***** THE RECORDS *****

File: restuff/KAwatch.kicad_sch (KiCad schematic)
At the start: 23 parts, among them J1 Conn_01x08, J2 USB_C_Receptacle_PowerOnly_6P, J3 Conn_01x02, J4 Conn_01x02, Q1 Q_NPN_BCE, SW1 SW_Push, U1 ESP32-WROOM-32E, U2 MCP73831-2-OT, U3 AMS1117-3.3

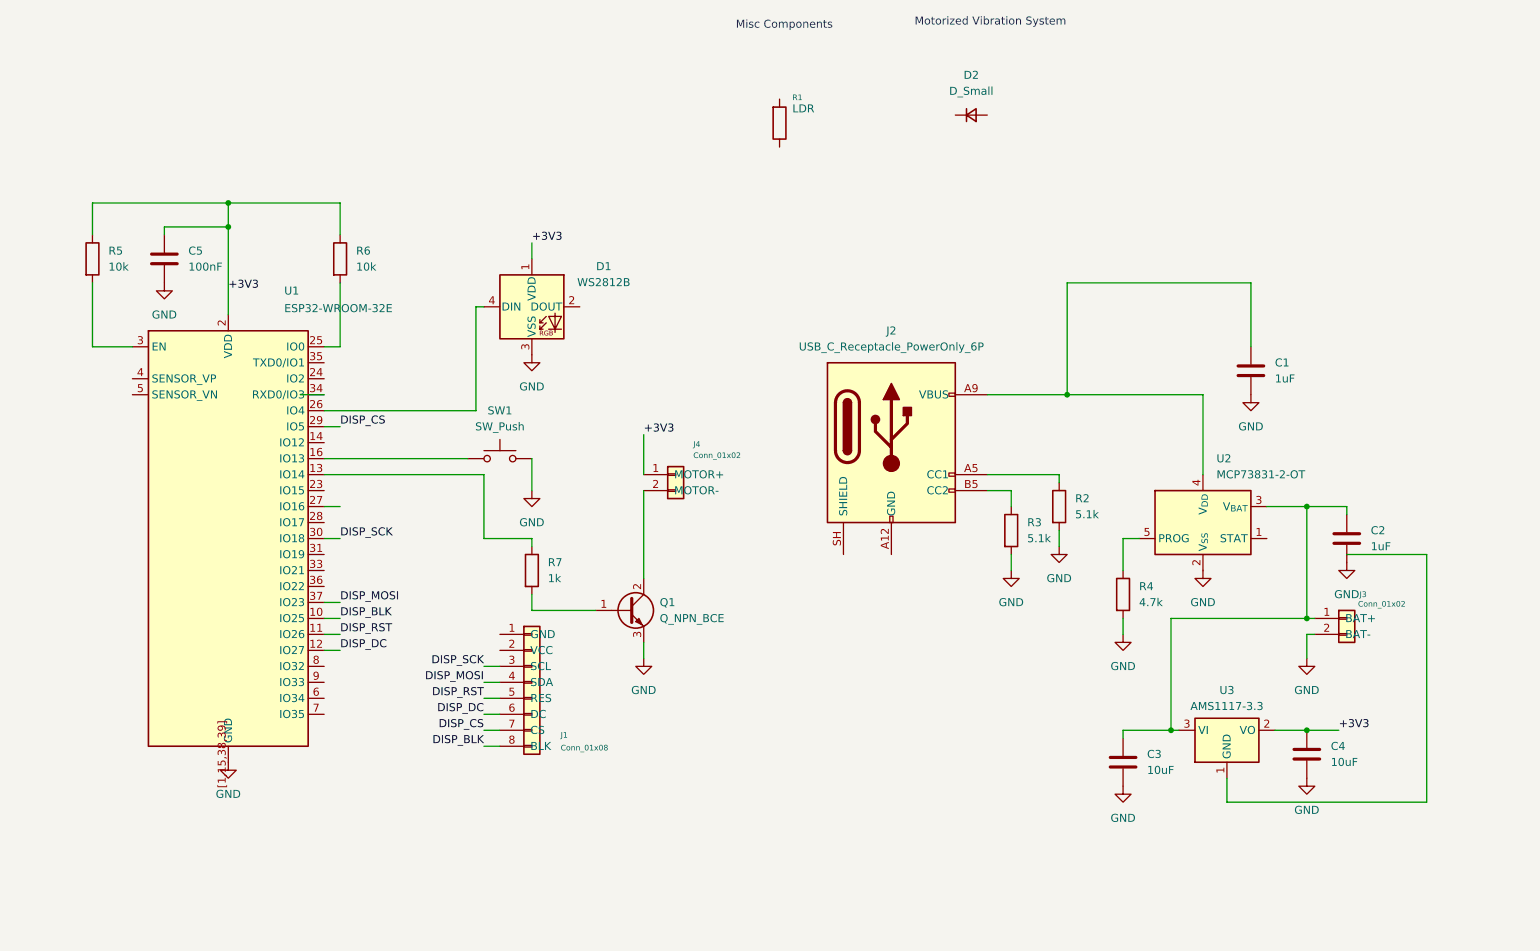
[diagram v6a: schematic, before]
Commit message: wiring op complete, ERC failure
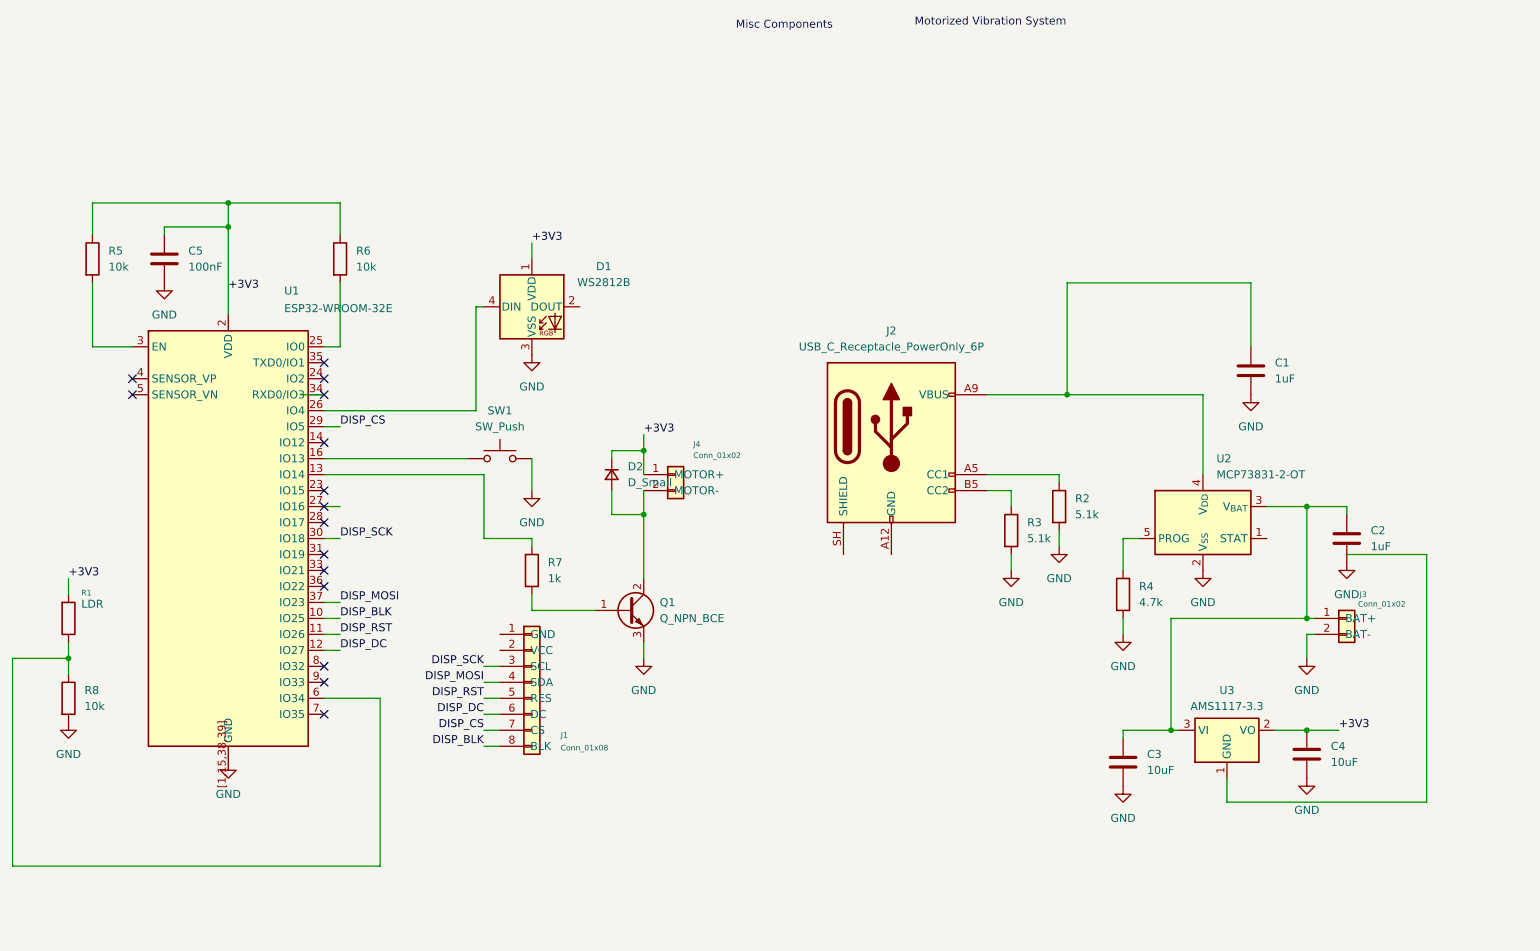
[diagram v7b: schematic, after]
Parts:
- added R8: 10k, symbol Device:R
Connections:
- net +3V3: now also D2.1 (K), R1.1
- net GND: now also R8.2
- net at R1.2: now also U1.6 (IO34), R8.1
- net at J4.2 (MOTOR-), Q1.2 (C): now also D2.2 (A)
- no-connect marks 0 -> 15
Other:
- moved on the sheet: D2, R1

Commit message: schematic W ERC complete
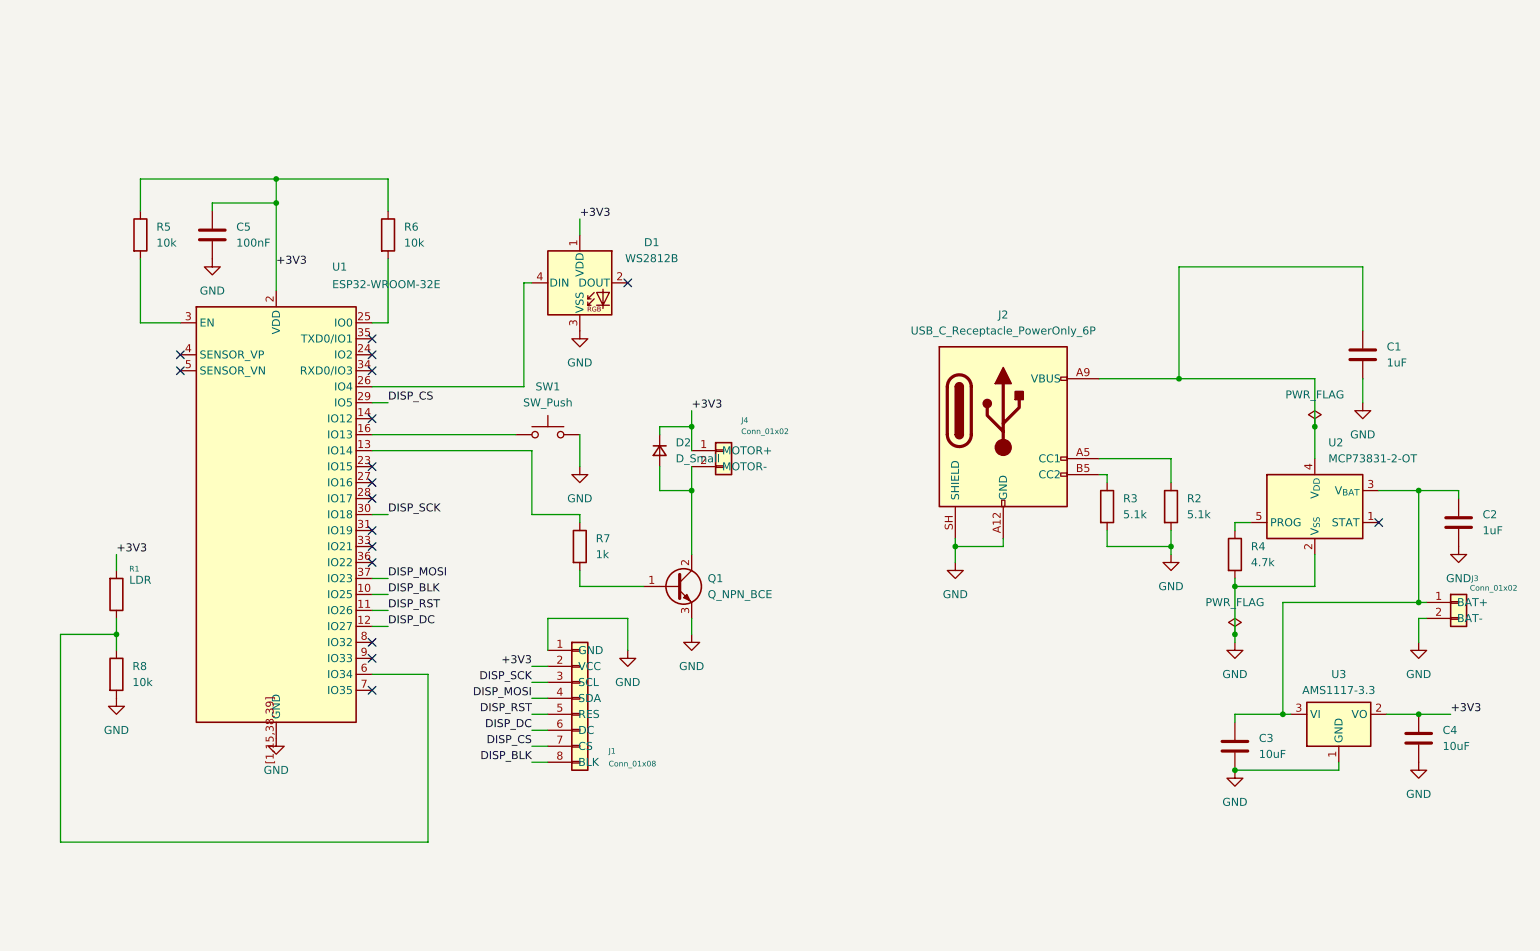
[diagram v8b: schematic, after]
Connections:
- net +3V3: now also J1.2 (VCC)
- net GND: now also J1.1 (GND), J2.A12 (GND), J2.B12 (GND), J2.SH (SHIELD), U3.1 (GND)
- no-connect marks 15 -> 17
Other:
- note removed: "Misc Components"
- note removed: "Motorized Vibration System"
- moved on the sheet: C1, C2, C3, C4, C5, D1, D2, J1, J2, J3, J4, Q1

*****

# EXERCISE DIRECTIONS
All of the material above goes into the copy exactly as is; the pictures do not.

# ANSWER FOR THE TASK
File: restuff/KAwatch.kicad_sch (KiCad schematic)
At the start: 23 parts, among them J1 Conn_01x08, J2 USB_C_Receptacle_PowerOnly_6P, J3 Conn_01x02, J4 Conn_01x02, Q1 Q_NPN_BCE, SW1 SW_Push, U1 ESP32-WROOM-32E, U2 MCP73831-2-OT, U3 AMS1117-3.3

[diagram v6a: schematic, before]
Commit message: wiring op complete, ERC failure
[diagram v7b: schematic, after]
Parts:
- added R8: 10k, symbol Device:R
Connections:
- net +3V3: now also D2.1 (K), R1.1
- net GND: now also R8.2
- net at R1.2: now also U1.6 (IO34), R8.1
- net at J4.2 (MOTOR-), Q1.2 (C): now also D2.2 (A)
- no-connect marks 0 -> 15
Other:
- moved on the sheet: D2, R1

Commit message: schematic W ERC complete
[diagram v8b: schematic, after]
Connections:
- net +3V3: now also J1.2 (VCC)
- net GND: now also J1.1 (GND), J2.A12 (GND), J2.B12 (GND), J2.SH (SHIELD), U3.1 (GND)
- no-connect marks 15 -> 17
Other:
- note removed: "Misc Components"
- note removed: "Motorized Vibration System"
- moved on the sheet: C1, C2, C3, C4, C5, D1, D2, J1, J2, J3, J4, Q1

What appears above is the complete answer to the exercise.